Bijbel in gewone taal (2014), a translation for people with minimal laungauge skills, the only used 4000 basic dutch to translate the whole bible. 

The chruches where i am invited to preach all use the Herziene statenveratling.

Reactions: Like 1 | Informative 4


----------



## PointyHaired Calvinist (Dec 7, 2021)

Refreshed RASV isn‘t bad. It’s one of the better individual revision projects.

Updated UASV has a distinct unitarian bias from what I’ve read. I don’t care for it at all.

Titus 2:13 note reads like a JW reason for ignoring the Greek and separating God and Savior.
John 8:58 says “I am” in one spot, but then gives a rambling note basically saying it should’t. He has an article saying it should be “I have been.“
Romans 9:5 removes the reference to the deity of Christ.
He also uses “CE” which is a pet peeve.

Reactions: Like 1


----------



## retroGRAD3 (Dec 7, 2021)

MWJ '90 said:


> Taylor, I actually agree with you on that. I do honestly wish there were only 3 good formal equivalence translations and 2 solid translations on the more dynamic equivalence spectrum, in English. My Dream Scenario:
> 
> *Formal Equivalence Translations*:
> 
> ...


I like this selection

Reactions: Like 1


----------



## MWJ '90 (Dec 7, 2021)

retroGRAD3 said:


> I like this selection


Thank you. These have always been my personal top 5 translations.


----------



## MWJ '90 (Dec 7, 2021)

PointyHaired Calvinist said:


> Refreshed RASV isn‘t bad. It’s one of the better individual revision projects.
> 
> Updated UASV has a distinct unitarian bias from what I’ve read. I don’t care for it at all.
> 
> ...


Thank you so much for your insight. Truly appreciated.


----------



## PointyHaired Calvinist (Dec 7, 2021)

MWJ '90 said:


> *English Standard Version /New American Standard Bible '95*---to be honest both of these are excellent Formal Equivalent translations based on the best available manuscripts we have today. I honestly think if you were to take the best qualities of both of these translations and combine them into one translation (say the *New English Standard Bible *(*NESB*)?) this would arguably be the best of the Formal Equivalent translations available. I could definitely see many in the Reformed world happily endorsing the "*NESB"* as their translation of choice. Man, just think of the possibilities!
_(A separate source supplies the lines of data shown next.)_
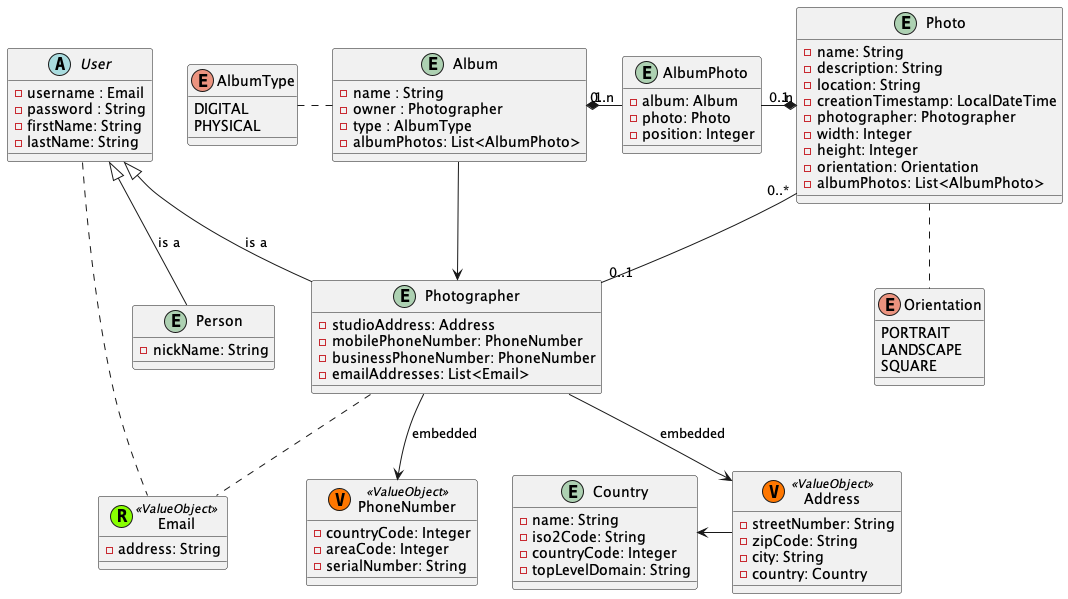

The diagram above was rendered by PlantUML. Its source (embedded in the PNG):
@startuml
'https://plantuml.com/class-diagram

entity Photo {
  - name: String
  - description: String
  - location: String
  - creationTimestamp: LocalDateTime
  - photographer: Photographer
  - width: Integer
  - height: Integer
  - orientation: Orientation
  - albumPhotos: List<AlbumPhoto>
}

entity Album {
    - name : String
    - owner : Photographer
    - type : AlbumType
    - albumPhotos: List<AlbumPhoto>
}

entity AlbumPhoto {
    - album: Album
    - photo: Photo
    - position: Integer
}

enum AlbumType {
    DIGITAL
    PHYSICAL
}

enum Orientation {
    PORTRAIT
    LANDSCAPE
    SQUARE
}

abstract class User {
    - username : Email
    - password : String
    - firstName: String
    - lastName: String
}

class Email << (R,#88FF00) ValueObject >>  {
    - address: String
}

entity Photographer {
    - studioAddress: Address
    - mobilePhoneNumber: PhoneNumber
    - businessPhoneNumber: PhoneNumber
    - emailAddresses: List<Email>
}

class Address << (V,#FF7700) ValueObject >> {
    - streetNumber: String
    - zipCode: String
    - city: String
    - country: Country
}

entity Country {
    - name: String
    - iso2Code: String
    - countryCode: Integer
    - topLevelDomain: String
}

class PhoneNumber << (V,#FF7700) ValueObject >> {
    - countryCode: Integer
    - areaCode: Integer
    - serialNumber: String
}

entity Person {
    - nickName: String
}

' Associations / Relations
' o-- Aggregation
' *-- Composition

User <|-- Photographer : "is a"
User <|-- Person : "is a"

Photo "0..*" -- "0..1" Photographer
Album "1" *-right- "0..n" AlbumPhoto
Photo "1" *-left- "0..n" AlbumPhoto
Photo .down. Orientation
Album .left. AlbumType
Photographer --> Address : "embedded"
Photographer --> PhoneNumber : "embedded"
Address -left-> Country
User .. Email
Photographer .. Email
Album --> Photographer

@enduml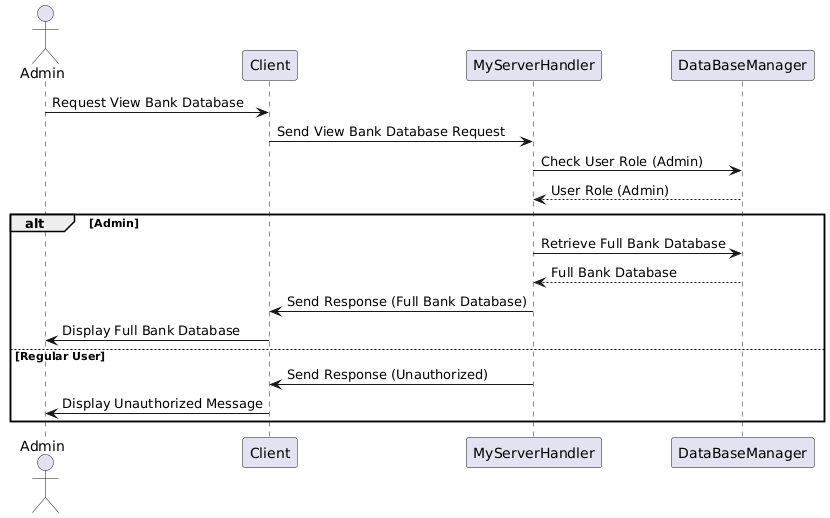

The diagram above was rendered by PlantUML. Its source (embedded in the PNG):
@startuml
actor Admin
participant Client
participant MyServerHandler
participant DataBaseManager

Admin -> Client : Request View Bank Database
Client -> MyServerHandler : Send View Bank Database Request
MyServerHandler -> DataBaseManager : Check User Role (Admin)
DataBaseManager --> MyServerHandler : User Role (Admin)

alt Admin
    MyServerHandler -> DataBaseManager : Retrieve Full Bank Database
    DataBaseManager --> MyServerHandler : Full Bank Database
    MyServerHandler -> Client : Send Response (Full Bank Database)
    Client -> Admin : Display Full Bank Database
else Regular User
    MyServerHandler -> Client : Send Response (Unauthorized)
    Client -> Admin : Display Unauthorized Message
end
@enduml

Let’s put Yahweh in this one and call it the NELB (New English Legacy Bible).

Reactions: Like 1


----------



## MWJ '90 (Dec 7, 2021)

PointyHaired Calvinist said:


> Let’s put Yahweh in this one and call it the NELB (New English Legacy Bible).


I like that idea. The HCSB included Yahweh but many people complained about its use, thus the CSB went back to the traditional LORD.


----------